Cenic.org

CalREN Service Restoration Expectation and Priorities

This document has been prepared at the request of, and in consultation with, the CENIC Technical Advisory Councils. It describes in general terms the extent to which local disaster recovery planning should or should not assume the availability of the CalREN networks and related services in the event of a disaster.

I. Geographic Scope

The expected availability of CalREN network services will vary with the scope and nature of a disaster. This document does not attempt to exhaustively list all possible disasters but rather to provide information about general classes of disaster based on their geographic scope.

Local Disaster Impacting A Customer Site:
In this scenario, a local issue (e.g., power outage, fire, flood, etc.) results in an outage for a particular site or a small number of sites. Network connectivity for other sites will generally be unaffected. Restoration time may be brief or prolonged depending on the nature of the disaster.

Local Disaster Impacting a CalREN Hubsite or AT&T Central Office:
In this scenario, a local issue results in an outage for a CalREN hubsite (an aggregation point in which many customer sites connect to CalREN) or at an AT&T facility that serves multiple sites. All connections served through the impacted site would be down, for a period of time on the order of hours or days. Customer sites with routed diverse connections not making use of the impacted site would route through the alternate connection. Network services (e.g., ISP or peering connections, video gatekeepers, domain name servers) located in an impacted hubsite would be down; however, critical servers are located in multiple hubsites and the alternate servers would assume the load.

Local Disaster Impacting the CalREN NOC:
In this scenario, a local issue results in the CalREN Network Operations Center (NOC) being inaccessible or uninhabitable. CENIC would activate its NOC disaster recovery plan and relocate services to a nearby campus.
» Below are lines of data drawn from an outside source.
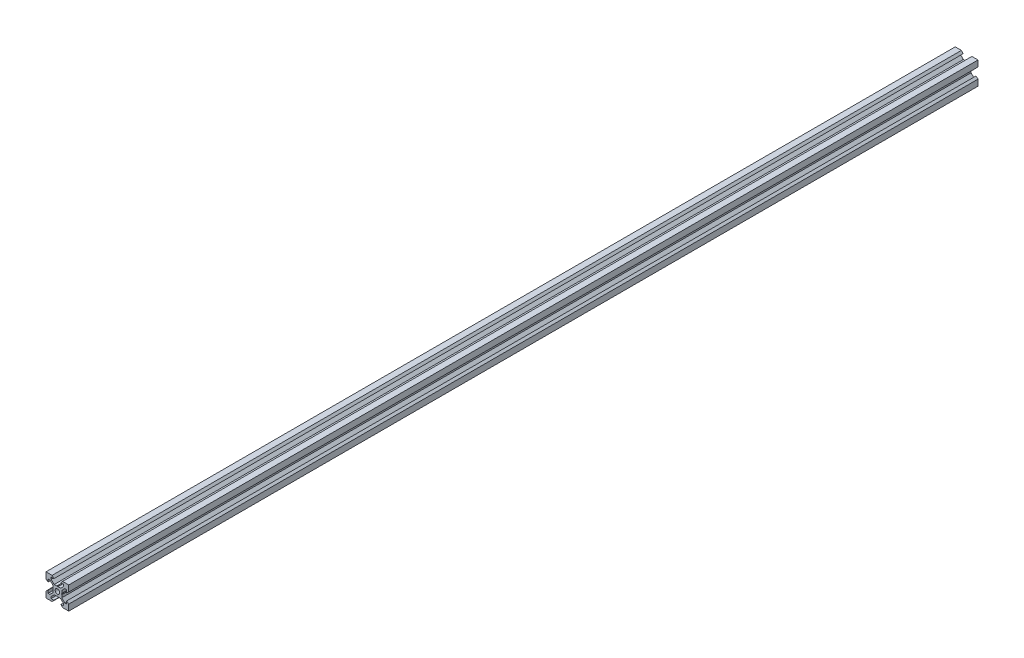
SolidWorks part; units mm, degrees
ref_plane "Front Plane" through (0, 0, 0) normal (0, 0, 1) x (1, 0, 0)
ref_plane "Top Plane" through (0, 0, 0) normal (0, 1, 0) x (1, 0, 0)
ref_plane "Right Plane" through (0, 0, 0) normal (1, 0, 0) x (0, 0, -1)
sketch "Sketch1" plane through (0, 0, 0) normal (0, 0, 1) x (1, 0, 0)
  line L0 (10, 10) -> (4.6104, 10) construction
  line L1 (10, 10) -> (10, 4.6104) construction
  line L2 (10, -10) -> (10, -4.6104) construction
  line L3 (10, -10) -> (4.6104, -10) construction
  line L4 (10, 10) -> (10, 4.6104)
  line L5 (6.5607, 5.5) -> (8.2, 5.5)
  line L6 (5.5, 8.2) -> (5.5, 6.5607)
  line L7 (10, 10) -> (4.6104, 10)
  line L8 (10, 10) -> (10, 4.6104)
  line L9 (6.5607, 5.5) -> (3.9, 2.8393)
  line L10 (5.5, 6.5607) -> (2.8393, 3.9)
  line L11 (10, 4.6104) -> (8.2, 3.1)
  line L12 (4.6104, 10) -> (3.1, 8.2)
  line L13 (8.2, 3.1) -> (8.2, 5.5)
  line L14 (3.1, 8.2) -> (5.5, 8.2)
  line L15 (-6.5607, 5.5) -> (-8.2, 5.5)
  line L16 (6.5607, -5.5) -> (8.2, -5.5)
  line L17 (3.1, -8.2) -> (5.5, -8.2)
  line L18 (8.2, -3.1) -> (8.2, -5.5)
  line L19 (4.6104, -10) -> (3.1, -8.2)
  line L20 (10, -4.6104) -> (8.2, -3.1)
  line L21 (0.5196, -3.9) -> (0, -3.6)
  line L22 (0.5196, 3.9) -> (0, 3.6)
  line L23 (3.6, 0) -> (3.9, -0.5196)
  line L24 (3.9, 0.5196) -> (3.6, 0)
  line L25 (3.9, 0.5196) -> (3.9, 2.8393)
  line L26 (2.8393, 3.9) -> (0.5196, 3.9)
  line L27 (3.9, -2.8393) -> (3.9, -0.5196)
  line L28 (2.8393, -3.9) -> (0.5196, -3.9)
  line L29 (5.5, -6.5607) -> (2.8393, -3.9)
  line L30 (6.5607, -5.5) -> (3.9, -2.8393)
  line L31 (10, -10) -> (10, -4.6104)
  line L32 (10, -10) -> (4.6104, -10)
  line L33 (5.5, -8.2) -> (5.5, -6.5607)
  line L34 (-6.5607, -5.5) -> (-8.2, -5.5)
  line L35 (10, -10) -> (10, -4.6104)
  line L36 (0, 0) -> (0, 8.2) construction
  line L37 (-10, -10) -> (-4.6104, -10) construction
  line L38 (-10, -10) -> (-10, -4.6104) construction
  line L39 (-10, 10) -> (-10, 4.6104) construction
  line L40 (-10, 10) -> (-4.6104, 10) construction
  line L41 (-10, -10) -> (-10, -4.6104)
  line L43 (-5.5, -8.2) -> (-5.5, -6.5607)
  line L44 (-10, -10) -> (-4.6104, -10)
  line L45 (-10, -10) -> (-10, -4.6104)
  line L46 (-6.5607, -5.5) -> (-3.9, -2.8393)
  line L47 (-5.5, -6.5607) -> (-2.8393, -3.9)
  line L48 (-2.8393, -3.9) -> (-0.5196, -3.9)
  line L49 (-3.9, -2.8393) -> (-3.9, -0.5196)
  line L50 (-2.8393, 3.9) -> (-0.5196, 3.9)
  line L51 (-3.9, 0.5196) -> (-3.9, 2.8393)
  line L52 (-3.9, 0.5196) -> (-3.6, 0)
  line L53 (-3.6, 0) -> (-3.9, -0.5196)
  line L54 (-0.5196, 3.9) -> (0, 3.6)
  line L55 (-0.5196, -3.9) -> (0, -3.6)
  line L56 (-10, -4.6104) -> (-8.2, -3.1)
  line L57 (-4.6104, -10) -> (-3.1, -8.2)
  line L58 (-8.2, -3.1) -> (-8.2, -5.5)
  line L59 (-3.1, -8.2) -> (-5.5, -8.2)
  line L60 (-10, -10) -> (10, -10) construction
  line L61 (-10, -10) -> (-10, 10) construction
  line L62 (-3.1, 8.2) -> (-5.5, 8.2)
  line L63 (-8.2, 3.1) -> (-8.2, 5.5)
  line L64 (-4.6104, 10) -> (-3.1, 8.2)
  line L65 (-10, 4.6104) -> (-8.2, 3.1)
  line L66 (-5.5, 6.5607) -> (-2.8393, 3.9)
  line L67 (-6.5607, 5.5) -> (-3.9, 2.8393)
  line L68 (-10, 10) -> (-10, 4.6104)
  line L69 (-10, 10) -> (-4.6104, 10)
  line L70 (-5.5, 8.2) -> (-5.5, 6.5607)
  line L71 (-10, 10) -> (10, 10) construction
  line L72 (-10, 10) -> (-10, 4.6104)
  line L73 (10, -10) -> (10, 10) construction
  line L74 (-10, -10) -> (10, 10) construction
  line L75 (-10, 10) -> (10, -10) construction
  circle A0 centre (0, 0) radius 2
  dimension "D7" = 4
  dimension "D1" = 20
  dimension "D2" = 5.3896
  dimension "D3" = 4.5
  dimension "D4" = 50
  dimension "D5" = 1.8
  dimension "D6" = 1.5104
  dimension "D8" = 5.5
  dimension "D9" = 120
  dimension "D10" = 0.3
  dimension "D11" = 2.3197
  dimension "D12" = 7.8
  dimension "D13" = 7.8
  dimension "D14" = 1.5
  dimension "D15" = 2.6607
extrude "Boss-Extrude1" add sketch "Sketch1" along normal mid plane 800 contours L70 L62 L64 L69 L68 L65 L63 L15 L67 L51 L52 L53 L49 L46 L34 L58 L56 L41 L44 L57 L59 L43 L47 L48 L55 L21 L28 L29 L33 L17 L19 L32 L31 L20 L18 L16 L30 L27 L23 L24 L25 L9 L5 L13 L11 L4 L7 L12 L14 L6 L10

NOC services could be unavailable for several hours during this recovery; however, network services would not be impacted by an outage of the NOC.

Widespread Disaster:
A widespread disaster (for example, a major earthquake in the Los Angeles area) would result in outages for many sites and possibly multiple hubsites. Although CalREN is designed to survive most single points of failure, a large disaster of this sort would probably render large portions of the network inaccessible, perhaps for a prolonged period of time.

II. Third-party Services

CENIC makes use of contracted services for many purposes: telco circuits, colocation space, utility power, etc. While in many cases a service level for restoration is in place, a sufficiently large disaster would strain the restoration ability of service providers and it is possible that those service levels would not be met. For example, a typical colocation space maintains 8-16 hours of generator fuel on-site; while in a limited-scope disaster this supply can be replenished, in a more widespread disaster other customers would be competing for that same limited supply of fuel.

III. Restoration Priorities

Since the original development of the CalREN-DC and CalREN-HPR networks, it has been recognized that the more experimental nature of the HPR network necessarily lends itself to a higher level of reliability for the DC network, while the HPR network (and ad-hoc services made available via CalREN/XD) can tolerate larger outages. This principle was incorporated into the design of the various networks.

The CENIC TACs have provided CENIC with guidance as to the relative priority of service restoration for the CalREN networks, as follows:

The CENIC TACs recognize the difference between the various CalREN networks and support the higher-availability nature of DC and the more experimental, research-oriented nature of HPR and XD. Although the SLA spells out these differences for ordinary events, the TACs would like to explicitly state that these differences should also be observed for extraordinary, outside-SLA events, such as major disasters and other serious events that cause widespread network outages. The TACs believe that CENIC resources should initially be devoted to restoration of service of the DC network. Where there is infrastructure common to multiple networks, it is certainly acceptable to devote resources to restoring the function of that infrastructure regardless of the fact that it may support networks other than DC. However, where there is a choice as to whether to devote resources to recovering service on either DC or other networks, it is the TACs’ expectation that resources will first be targeted at the DC network.

The TACs expect that restoration of services on a particular network refers to all supported core services of that network. Given that IPv4 and IPv6 represent the core protocols on the DC network, the TAC expects that the restoration of service will initially include both IPv4 and IPv6 core protocols. We further expect that services that operate on top of the core protocols, such as video conferencing and other services that CENIC operates, can be restored at the discretion of CENIC staff, once the core protocols are operating.

IV. Financial Responsibility

The financial responsibility for service restoration generally rests with CENIC, its contractors, and its Charter Associates.